Segment Start: Available records
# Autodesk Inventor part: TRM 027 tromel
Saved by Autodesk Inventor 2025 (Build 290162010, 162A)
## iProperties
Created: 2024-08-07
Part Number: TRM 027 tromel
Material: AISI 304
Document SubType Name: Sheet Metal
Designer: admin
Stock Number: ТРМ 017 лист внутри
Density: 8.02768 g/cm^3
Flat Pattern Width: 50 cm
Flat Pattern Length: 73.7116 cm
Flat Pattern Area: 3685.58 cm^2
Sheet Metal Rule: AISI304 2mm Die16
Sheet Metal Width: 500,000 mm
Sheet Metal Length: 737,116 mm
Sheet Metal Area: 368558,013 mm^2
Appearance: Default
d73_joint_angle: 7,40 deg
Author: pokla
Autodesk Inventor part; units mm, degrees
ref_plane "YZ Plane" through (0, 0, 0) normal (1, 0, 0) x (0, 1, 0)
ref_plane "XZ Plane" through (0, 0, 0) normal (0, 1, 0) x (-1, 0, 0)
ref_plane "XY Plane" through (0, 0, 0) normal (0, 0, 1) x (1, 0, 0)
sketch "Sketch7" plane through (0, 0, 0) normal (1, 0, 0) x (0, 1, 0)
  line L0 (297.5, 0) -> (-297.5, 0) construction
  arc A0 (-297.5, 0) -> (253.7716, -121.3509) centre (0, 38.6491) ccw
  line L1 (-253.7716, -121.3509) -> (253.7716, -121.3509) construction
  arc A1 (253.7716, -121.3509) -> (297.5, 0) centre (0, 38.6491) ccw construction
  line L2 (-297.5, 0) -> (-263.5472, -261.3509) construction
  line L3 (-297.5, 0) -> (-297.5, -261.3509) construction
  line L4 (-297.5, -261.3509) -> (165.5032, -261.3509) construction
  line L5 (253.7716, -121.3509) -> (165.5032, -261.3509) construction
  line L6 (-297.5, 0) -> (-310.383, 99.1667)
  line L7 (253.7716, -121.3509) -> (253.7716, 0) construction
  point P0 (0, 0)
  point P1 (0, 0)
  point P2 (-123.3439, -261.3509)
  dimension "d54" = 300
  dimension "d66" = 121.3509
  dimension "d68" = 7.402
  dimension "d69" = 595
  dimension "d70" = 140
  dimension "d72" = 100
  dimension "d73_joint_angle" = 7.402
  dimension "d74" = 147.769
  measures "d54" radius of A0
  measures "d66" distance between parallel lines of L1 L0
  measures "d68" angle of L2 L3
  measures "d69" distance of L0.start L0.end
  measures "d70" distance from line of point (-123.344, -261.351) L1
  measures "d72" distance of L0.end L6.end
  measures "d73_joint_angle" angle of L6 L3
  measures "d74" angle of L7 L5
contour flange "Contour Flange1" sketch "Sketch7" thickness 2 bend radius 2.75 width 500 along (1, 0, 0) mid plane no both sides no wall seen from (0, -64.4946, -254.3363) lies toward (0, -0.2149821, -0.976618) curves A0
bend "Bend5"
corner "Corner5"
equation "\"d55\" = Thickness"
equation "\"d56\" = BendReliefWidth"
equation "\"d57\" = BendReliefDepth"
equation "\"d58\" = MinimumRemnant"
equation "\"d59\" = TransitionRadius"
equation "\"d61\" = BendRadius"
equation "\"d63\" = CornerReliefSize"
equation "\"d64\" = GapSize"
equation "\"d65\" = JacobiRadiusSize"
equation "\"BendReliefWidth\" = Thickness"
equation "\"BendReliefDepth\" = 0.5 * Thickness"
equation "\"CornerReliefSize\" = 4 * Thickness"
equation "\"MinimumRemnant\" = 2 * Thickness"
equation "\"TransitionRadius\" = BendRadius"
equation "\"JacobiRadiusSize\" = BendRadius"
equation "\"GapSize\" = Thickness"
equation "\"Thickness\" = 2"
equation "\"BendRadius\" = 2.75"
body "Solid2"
Segment End: Available records
Set the entries down again exactly, beginning with their first line and ending with the line that contains "Sheet Metal Area: 368558,013 mm^2"; omit all other lines.

# Autodesk Inventor part: TRM 027 tromel
Saved by Autodesk Inventor 2025 (Build 290162010, 162A)
## iProperties
Created: 2024-08-07
Part Number: TRM 027 tromel
Material: AISI 304
Document SubType Name: Sheet Metal
Designer: admin
Stock Number: ТРМ 017 лист внутри
Density: 8.02768 g/cm^3
Flat Pattern Width: 50 cm
Flat Pattern Length: 73.7116 cm
Flat Pattern Area: 3685.58 cm^2
Sheet Metal Rule: AISI304 2mm Die16
Sheet Metal Width: 500,000 mm
Sheet Metal Length: 737,116 mm
Sheet Metal Area: 368558,013 mm^2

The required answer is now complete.